Den halben Tag und einen Teil der Nacht standen die Eltern mit ihren Kindern hinter Gittern, umweht von den galaktischen Fanfaren, die ein Orchester auf der großen Freitreppe stundenlang immer wieder intonierte, bevor schließlich der gefährliche Atem des Darth Vader aus seiner hohlen Stahlmaske die Croisette tausendfach verstärkt akustisch überzog. „Star Wars - Revenge of the Sith“ wird mehr Geld einspielen als alle anderen Filme zusammen, die in Cannes vorgestellt werden. Sogar das trockene Branchenblatt „Variety“ kam darüber ins Grübeln.

Die Familie im Mittelpunkt

Während sich vor dem Festivalpalast die Familien trafen, um gemeinsam zu jubeln, fielen sie auf den Leinwänden auseinander, mit mehr oder weniger Getöse. In nahezu jedem Film, der am Wochenende im offiziellen Programm zu sehen war, stand eine Familie im Mittelpunkt, doch über keine, selbst wenn es anfangs manchmal noch so aussah, läßt sich etwas anderes erzählen als die Geschichte ihres Zerwürfnisses. Die Gründe dafür sind nicht so vielfältig, wie man vielleicht denken könnte.

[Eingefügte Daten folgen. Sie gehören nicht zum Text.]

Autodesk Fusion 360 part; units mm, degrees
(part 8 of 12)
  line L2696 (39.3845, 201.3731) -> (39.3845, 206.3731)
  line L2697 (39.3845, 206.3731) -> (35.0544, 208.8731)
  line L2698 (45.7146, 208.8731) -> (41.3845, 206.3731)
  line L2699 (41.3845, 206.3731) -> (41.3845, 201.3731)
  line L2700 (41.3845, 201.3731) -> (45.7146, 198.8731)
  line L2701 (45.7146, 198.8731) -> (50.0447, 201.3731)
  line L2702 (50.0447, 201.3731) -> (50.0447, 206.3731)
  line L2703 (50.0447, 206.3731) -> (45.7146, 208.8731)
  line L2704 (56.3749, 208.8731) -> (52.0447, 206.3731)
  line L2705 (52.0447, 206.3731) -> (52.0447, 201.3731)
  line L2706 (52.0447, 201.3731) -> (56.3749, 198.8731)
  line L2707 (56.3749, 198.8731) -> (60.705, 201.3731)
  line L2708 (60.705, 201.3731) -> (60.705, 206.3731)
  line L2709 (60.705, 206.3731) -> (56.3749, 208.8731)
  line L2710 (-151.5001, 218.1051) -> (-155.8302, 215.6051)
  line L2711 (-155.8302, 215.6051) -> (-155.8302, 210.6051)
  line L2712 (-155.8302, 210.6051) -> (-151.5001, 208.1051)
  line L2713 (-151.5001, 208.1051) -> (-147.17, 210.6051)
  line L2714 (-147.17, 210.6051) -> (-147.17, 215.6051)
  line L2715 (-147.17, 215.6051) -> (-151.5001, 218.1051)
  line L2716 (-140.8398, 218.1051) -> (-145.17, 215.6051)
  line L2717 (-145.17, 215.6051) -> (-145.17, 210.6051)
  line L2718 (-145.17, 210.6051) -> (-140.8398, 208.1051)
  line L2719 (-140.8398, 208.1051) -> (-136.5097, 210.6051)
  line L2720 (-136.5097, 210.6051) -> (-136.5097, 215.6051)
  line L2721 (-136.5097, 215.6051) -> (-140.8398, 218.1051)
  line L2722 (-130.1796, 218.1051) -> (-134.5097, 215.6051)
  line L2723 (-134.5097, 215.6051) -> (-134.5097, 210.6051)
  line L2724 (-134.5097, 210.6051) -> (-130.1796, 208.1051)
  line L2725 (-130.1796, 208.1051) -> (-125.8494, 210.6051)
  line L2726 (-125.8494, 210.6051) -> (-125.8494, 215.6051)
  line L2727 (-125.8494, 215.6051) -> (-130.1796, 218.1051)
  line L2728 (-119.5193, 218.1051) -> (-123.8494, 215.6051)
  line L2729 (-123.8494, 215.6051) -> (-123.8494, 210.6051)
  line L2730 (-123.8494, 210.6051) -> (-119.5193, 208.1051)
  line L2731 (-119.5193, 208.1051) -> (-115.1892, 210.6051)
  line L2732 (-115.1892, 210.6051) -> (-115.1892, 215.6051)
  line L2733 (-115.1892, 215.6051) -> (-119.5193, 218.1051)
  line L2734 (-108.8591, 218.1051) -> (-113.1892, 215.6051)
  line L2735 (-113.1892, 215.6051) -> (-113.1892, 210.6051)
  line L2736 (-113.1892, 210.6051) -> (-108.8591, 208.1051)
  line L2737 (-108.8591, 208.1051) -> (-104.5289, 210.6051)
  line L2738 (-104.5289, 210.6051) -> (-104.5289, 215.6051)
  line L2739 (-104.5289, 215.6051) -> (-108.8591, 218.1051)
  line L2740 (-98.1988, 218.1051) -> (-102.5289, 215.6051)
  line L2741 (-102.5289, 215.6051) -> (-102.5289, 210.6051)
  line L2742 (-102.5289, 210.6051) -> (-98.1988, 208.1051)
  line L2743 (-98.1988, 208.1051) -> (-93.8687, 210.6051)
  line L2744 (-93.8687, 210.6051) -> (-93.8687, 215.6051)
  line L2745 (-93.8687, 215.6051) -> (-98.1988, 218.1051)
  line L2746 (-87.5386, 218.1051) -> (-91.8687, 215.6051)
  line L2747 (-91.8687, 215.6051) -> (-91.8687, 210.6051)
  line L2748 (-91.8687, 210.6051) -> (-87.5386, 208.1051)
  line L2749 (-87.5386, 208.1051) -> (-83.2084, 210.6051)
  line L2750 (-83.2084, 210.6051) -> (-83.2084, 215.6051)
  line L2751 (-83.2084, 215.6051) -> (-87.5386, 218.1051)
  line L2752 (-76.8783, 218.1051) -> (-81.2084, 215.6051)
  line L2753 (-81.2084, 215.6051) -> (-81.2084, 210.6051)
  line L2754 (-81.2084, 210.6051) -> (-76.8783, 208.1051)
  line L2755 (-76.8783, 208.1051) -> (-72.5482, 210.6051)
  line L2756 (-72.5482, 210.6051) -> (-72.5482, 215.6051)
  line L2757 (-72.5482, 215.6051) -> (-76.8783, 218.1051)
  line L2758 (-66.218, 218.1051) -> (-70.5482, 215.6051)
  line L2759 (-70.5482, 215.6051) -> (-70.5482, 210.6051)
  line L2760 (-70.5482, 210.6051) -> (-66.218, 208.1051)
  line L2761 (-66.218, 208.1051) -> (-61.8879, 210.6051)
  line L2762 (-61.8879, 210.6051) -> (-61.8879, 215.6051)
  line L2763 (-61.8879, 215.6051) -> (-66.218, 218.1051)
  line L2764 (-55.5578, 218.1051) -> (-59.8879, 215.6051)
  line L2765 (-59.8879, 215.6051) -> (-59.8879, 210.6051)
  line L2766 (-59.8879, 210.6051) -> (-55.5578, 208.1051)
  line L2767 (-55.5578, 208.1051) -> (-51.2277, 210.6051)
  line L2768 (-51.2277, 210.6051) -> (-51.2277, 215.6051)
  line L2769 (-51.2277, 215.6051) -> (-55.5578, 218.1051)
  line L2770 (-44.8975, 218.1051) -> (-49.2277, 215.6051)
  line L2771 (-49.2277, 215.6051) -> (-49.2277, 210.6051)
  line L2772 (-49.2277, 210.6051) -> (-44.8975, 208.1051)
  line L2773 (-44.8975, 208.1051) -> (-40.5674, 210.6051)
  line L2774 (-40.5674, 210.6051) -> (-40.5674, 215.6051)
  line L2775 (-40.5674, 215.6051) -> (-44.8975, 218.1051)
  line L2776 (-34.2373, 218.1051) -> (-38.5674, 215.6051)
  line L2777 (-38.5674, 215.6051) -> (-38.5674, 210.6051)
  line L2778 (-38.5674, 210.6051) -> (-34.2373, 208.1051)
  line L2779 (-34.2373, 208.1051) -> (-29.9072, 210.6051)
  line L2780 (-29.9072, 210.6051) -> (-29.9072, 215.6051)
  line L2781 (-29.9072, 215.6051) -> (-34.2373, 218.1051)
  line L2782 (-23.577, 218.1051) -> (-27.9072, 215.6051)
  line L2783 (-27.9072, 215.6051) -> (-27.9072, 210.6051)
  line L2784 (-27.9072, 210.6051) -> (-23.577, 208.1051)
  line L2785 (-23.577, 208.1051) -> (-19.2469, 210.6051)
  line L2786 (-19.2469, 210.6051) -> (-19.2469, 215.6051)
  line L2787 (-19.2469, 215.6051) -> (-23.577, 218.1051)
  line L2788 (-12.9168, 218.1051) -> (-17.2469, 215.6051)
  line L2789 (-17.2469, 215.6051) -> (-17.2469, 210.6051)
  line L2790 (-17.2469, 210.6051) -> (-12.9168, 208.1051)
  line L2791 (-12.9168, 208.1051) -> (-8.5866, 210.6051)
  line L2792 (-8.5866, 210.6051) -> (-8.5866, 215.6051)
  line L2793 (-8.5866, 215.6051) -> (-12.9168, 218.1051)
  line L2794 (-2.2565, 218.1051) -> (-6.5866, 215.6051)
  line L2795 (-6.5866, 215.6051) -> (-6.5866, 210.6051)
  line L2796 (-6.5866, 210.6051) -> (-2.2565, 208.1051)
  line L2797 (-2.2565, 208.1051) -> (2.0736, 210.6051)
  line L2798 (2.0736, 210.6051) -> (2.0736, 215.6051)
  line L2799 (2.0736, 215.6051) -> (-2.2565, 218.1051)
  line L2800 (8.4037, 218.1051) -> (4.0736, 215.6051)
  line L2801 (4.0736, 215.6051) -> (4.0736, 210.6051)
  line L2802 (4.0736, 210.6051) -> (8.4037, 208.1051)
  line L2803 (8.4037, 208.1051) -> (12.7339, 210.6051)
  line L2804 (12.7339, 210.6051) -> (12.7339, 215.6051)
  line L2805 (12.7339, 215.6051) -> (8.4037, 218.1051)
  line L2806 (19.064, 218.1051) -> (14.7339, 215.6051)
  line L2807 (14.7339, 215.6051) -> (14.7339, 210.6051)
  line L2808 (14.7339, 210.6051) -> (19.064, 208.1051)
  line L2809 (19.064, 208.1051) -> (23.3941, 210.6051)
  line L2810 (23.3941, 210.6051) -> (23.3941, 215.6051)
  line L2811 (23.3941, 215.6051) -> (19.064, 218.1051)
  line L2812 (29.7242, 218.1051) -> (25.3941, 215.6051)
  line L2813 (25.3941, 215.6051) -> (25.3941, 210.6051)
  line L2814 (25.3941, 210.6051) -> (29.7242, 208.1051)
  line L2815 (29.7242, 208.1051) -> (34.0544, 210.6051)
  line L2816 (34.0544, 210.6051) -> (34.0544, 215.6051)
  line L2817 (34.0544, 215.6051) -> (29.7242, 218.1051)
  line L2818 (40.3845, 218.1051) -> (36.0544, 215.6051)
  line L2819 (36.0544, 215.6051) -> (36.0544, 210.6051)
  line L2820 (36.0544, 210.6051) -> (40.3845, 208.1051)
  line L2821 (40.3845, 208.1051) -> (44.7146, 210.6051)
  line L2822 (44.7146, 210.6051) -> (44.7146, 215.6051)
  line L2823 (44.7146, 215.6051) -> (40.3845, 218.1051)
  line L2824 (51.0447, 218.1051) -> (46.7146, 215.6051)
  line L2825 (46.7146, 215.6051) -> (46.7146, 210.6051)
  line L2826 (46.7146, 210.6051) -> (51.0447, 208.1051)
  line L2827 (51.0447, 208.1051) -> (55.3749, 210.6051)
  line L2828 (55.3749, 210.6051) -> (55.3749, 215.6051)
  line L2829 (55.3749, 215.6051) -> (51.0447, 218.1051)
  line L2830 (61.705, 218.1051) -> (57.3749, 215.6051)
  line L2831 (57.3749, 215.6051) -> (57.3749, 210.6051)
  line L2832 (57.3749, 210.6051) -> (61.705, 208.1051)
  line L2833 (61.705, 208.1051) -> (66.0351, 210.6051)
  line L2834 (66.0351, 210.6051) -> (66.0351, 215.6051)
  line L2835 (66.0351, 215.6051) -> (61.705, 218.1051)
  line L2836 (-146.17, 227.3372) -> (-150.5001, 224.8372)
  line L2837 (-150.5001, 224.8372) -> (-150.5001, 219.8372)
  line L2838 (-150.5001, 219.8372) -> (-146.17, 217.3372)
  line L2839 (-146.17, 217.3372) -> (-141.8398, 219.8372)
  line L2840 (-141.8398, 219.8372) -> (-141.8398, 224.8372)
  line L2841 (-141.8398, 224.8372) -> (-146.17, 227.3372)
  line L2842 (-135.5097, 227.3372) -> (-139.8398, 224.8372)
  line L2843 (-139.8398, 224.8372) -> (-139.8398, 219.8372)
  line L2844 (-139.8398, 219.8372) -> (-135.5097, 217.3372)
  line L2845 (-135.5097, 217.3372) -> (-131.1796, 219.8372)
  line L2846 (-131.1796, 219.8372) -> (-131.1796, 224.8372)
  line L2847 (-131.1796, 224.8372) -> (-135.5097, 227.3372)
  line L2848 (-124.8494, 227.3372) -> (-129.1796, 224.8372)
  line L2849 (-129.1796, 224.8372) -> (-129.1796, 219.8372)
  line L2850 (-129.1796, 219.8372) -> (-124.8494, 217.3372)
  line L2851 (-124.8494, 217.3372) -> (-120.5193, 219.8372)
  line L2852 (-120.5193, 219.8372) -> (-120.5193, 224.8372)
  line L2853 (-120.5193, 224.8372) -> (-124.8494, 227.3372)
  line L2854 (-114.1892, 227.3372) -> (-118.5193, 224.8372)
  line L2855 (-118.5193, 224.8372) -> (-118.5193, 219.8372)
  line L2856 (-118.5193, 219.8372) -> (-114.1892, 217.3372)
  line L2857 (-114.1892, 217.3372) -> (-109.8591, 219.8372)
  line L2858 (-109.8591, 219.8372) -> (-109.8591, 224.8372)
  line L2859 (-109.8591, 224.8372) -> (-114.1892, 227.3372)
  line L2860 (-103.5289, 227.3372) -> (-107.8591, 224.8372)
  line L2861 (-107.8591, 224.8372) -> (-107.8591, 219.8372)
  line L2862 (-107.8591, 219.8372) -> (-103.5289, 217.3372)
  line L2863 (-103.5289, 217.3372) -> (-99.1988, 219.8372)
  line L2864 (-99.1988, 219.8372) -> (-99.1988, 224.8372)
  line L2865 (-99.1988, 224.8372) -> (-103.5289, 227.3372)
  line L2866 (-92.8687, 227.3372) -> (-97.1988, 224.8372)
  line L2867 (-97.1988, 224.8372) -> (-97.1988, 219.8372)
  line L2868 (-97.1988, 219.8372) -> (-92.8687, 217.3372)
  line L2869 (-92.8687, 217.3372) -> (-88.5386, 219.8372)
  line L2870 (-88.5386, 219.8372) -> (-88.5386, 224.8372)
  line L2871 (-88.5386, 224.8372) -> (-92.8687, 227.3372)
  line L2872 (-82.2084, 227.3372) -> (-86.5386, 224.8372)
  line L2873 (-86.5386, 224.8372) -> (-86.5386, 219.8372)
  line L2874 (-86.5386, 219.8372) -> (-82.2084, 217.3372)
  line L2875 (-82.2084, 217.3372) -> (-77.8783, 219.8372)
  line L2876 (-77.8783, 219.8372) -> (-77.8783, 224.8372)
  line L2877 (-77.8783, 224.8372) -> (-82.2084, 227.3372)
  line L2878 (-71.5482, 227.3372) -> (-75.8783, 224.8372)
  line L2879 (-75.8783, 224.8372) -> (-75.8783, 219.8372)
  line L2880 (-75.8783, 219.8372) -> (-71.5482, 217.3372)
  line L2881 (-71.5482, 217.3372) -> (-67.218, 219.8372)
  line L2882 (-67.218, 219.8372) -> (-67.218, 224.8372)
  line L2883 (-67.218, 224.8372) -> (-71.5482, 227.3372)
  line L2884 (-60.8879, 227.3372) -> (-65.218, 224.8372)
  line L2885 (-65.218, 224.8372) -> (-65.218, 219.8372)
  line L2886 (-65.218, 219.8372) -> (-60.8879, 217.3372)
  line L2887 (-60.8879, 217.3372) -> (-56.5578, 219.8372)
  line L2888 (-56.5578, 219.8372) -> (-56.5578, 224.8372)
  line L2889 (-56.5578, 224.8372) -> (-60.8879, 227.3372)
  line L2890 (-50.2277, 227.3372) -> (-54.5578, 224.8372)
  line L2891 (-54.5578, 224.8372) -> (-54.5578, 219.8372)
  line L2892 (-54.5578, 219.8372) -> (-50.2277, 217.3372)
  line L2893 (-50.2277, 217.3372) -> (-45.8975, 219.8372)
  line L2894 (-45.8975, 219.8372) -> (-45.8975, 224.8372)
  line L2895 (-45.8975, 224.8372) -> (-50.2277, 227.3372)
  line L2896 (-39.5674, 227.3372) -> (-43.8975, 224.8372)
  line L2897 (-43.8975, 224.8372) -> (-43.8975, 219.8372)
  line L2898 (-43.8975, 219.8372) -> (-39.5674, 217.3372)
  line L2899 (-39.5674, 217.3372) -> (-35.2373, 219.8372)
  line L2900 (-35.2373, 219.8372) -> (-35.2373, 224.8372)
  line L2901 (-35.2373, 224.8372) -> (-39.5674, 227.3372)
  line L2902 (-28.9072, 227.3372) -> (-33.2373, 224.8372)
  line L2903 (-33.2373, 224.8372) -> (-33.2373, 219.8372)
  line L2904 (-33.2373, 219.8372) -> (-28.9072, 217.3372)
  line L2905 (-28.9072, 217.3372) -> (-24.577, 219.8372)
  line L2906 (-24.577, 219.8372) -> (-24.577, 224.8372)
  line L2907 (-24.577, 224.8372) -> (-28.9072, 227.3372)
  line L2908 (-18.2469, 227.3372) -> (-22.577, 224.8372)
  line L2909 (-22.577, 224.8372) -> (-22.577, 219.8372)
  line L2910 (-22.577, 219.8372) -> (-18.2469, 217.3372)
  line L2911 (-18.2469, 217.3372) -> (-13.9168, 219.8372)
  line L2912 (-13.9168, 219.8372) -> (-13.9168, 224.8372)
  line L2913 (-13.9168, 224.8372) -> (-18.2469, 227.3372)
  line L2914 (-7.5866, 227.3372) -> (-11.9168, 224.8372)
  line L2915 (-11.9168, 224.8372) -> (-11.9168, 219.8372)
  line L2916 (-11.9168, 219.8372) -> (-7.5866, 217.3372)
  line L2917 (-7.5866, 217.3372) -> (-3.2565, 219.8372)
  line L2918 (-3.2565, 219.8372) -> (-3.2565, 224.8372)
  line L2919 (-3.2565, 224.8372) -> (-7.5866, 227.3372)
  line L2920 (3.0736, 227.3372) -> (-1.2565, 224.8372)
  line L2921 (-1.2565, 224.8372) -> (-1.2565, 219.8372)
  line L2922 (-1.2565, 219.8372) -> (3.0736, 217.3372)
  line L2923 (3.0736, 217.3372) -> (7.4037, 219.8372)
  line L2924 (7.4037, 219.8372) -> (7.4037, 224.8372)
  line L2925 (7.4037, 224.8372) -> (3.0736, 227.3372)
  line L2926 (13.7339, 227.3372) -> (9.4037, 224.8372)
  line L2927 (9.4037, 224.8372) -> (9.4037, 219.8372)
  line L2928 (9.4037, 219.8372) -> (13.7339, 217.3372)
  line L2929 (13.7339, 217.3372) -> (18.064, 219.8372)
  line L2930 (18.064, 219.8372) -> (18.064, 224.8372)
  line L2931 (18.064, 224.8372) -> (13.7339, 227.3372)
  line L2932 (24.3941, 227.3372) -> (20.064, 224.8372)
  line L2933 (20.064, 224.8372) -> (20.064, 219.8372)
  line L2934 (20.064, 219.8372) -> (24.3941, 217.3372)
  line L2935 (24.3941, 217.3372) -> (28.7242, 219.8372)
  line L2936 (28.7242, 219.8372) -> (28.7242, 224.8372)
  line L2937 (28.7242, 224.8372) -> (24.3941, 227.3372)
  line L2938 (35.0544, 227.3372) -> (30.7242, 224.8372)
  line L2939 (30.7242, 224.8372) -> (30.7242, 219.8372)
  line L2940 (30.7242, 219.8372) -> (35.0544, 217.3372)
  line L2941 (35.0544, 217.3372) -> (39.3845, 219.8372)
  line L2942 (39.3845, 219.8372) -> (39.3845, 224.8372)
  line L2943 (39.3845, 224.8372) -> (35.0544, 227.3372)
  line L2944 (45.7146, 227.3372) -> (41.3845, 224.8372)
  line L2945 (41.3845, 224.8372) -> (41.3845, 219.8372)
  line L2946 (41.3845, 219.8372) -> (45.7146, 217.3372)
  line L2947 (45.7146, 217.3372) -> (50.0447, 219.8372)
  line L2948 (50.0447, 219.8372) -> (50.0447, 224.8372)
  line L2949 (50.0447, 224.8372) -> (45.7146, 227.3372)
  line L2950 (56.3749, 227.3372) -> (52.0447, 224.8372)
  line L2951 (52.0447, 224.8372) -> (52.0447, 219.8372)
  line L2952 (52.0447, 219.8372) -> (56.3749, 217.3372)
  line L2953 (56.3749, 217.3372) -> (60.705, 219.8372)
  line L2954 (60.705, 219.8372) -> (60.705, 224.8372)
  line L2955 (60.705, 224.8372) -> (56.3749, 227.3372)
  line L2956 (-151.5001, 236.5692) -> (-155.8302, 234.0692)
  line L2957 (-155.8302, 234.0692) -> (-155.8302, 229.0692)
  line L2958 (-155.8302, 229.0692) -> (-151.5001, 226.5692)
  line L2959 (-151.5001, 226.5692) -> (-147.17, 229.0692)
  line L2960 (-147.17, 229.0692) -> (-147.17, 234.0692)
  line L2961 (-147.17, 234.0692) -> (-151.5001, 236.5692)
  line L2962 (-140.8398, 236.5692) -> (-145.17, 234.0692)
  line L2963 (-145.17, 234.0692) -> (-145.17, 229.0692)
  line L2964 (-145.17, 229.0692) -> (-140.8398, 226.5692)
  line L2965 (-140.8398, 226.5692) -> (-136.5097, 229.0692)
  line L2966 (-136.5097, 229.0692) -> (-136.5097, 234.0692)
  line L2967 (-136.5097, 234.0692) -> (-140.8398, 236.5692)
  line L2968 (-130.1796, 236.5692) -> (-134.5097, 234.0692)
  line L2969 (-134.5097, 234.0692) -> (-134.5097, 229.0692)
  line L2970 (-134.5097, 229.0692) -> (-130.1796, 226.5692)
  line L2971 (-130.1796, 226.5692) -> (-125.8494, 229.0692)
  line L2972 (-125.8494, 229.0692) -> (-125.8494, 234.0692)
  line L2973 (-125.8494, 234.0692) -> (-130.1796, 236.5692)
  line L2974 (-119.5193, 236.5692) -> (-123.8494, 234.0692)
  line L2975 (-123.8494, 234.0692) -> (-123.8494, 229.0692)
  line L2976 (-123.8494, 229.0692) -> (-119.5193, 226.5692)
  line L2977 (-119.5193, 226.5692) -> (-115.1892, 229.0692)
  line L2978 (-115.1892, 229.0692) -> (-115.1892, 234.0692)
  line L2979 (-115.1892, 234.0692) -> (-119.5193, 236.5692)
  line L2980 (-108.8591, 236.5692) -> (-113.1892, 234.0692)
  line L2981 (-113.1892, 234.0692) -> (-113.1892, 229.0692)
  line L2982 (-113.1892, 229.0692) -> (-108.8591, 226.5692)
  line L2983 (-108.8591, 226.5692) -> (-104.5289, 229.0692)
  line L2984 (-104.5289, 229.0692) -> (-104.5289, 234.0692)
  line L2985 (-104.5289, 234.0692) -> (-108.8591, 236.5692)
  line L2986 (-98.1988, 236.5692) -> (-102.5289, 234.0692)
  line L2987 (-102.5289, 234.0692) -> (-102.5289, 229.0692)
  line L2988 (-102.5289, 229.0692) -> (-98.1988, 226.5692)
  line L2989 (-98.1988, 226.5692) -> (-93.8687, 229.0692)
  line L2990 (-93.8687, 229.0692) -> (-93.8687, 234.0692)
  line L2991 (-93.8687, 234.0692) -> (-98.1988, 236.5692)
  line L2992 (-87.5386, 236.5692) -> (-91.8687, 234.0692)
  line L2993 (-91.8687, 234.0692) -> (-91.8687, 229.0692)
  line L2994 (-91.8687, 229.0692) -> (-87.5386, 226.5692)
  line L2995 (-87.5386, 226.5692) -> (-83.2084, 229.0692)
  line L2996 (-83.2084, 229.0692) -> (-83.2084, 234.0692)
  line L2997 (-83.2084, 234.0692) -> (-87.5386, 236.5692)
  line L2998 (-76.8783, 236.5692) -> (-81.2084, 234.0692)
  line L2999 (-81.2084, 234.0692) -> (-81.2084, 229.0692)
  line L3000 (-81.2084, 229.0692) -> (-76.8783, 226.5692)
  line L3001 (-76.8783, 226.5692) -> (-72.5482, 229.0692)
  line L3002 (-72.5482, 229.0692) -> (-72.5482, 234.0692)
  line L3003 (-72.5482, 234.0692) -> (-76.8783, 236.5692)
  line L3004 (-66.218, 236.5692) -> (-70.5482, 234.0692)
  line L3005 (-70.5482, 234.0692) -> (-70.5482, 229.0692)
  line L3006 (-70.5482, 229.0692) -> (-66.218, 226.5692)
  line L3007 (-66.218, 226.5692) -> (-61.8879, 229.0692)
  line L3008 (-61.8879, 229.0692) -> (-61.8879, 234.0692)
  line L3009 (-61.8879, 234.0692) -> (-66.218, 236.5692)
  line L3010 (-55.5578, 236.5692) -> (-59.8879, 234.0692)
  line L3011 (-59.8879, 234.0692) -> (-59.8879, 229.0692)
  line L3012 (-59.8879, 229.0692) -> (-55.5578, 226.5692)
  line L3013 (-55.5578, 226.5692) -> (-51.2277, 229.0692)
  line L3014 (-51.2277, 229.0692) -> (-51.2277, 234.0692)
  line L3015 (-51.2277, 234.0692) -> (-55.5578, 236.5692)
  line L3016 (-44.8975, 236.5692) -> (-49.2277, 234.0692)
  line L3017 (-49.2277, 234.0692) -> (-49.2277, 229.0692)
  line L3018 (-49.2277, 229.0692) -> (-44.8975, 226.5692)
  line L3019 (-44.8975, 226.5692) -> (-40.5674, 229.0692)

Bei Marco Tullio Giordana, der mit seinem „Quando sei nato, non puoi piu nasconderti“ (etwa „Wenn du einmal geboren bist“) im Wettbewerb konkurriert, ist es die Konfrontation mit der Dritten Welt, die ein norditalienisches Idyll reicher Leute zum Einsturz bringt, bei Michael Haneke in „Cache“ (Versteckt), ebenfalls im Wettbewerb, in gewisser Weise auch. David Cronenberg läßt es ganz klassisch die Vergangenheit sein, die einer Familie den Boden wegzieht (“History of Violence“), und der Mexikaner Carlos Reygadas zeigte von Anfang an in „Batalla en el cielo“ (Kampf im Himmel) nur Vereinzelte, die miteinander verwandt waren. Außer bei Haneke war überall sehr viel Sex zu sehen und außer bei Giordana auch sehr viel Blut.

Wirre Gemengelage

Carlos Reygadas eröffnet seinen Film mit einer Fellatio. Viel war zuvor über den skandalösen Charakter seiner Sexszenen geredet worden. Skandalös wegen ihrer grafischen Deutlichkeit, wegen der unschönen Körper, die der Film zeigt, und wegen des sozialen Gefälles, ist es doch hier eine Generalstochter, die dem Chauffeur ihres Vaters durchaus freiwillig zu Diensten ist. Doch ein Skandal wurde es dann doch nicht. Eher machte sich eine gewisse Hilflosigkeit breit angesichts dieser teilweise äußerst wirren Gemengelage aus mexikanischem Sittenbild, Stadtansichten, einer Geschichte um eine Kindsentführung mit Todesfolge und der Suche nach Erlösung.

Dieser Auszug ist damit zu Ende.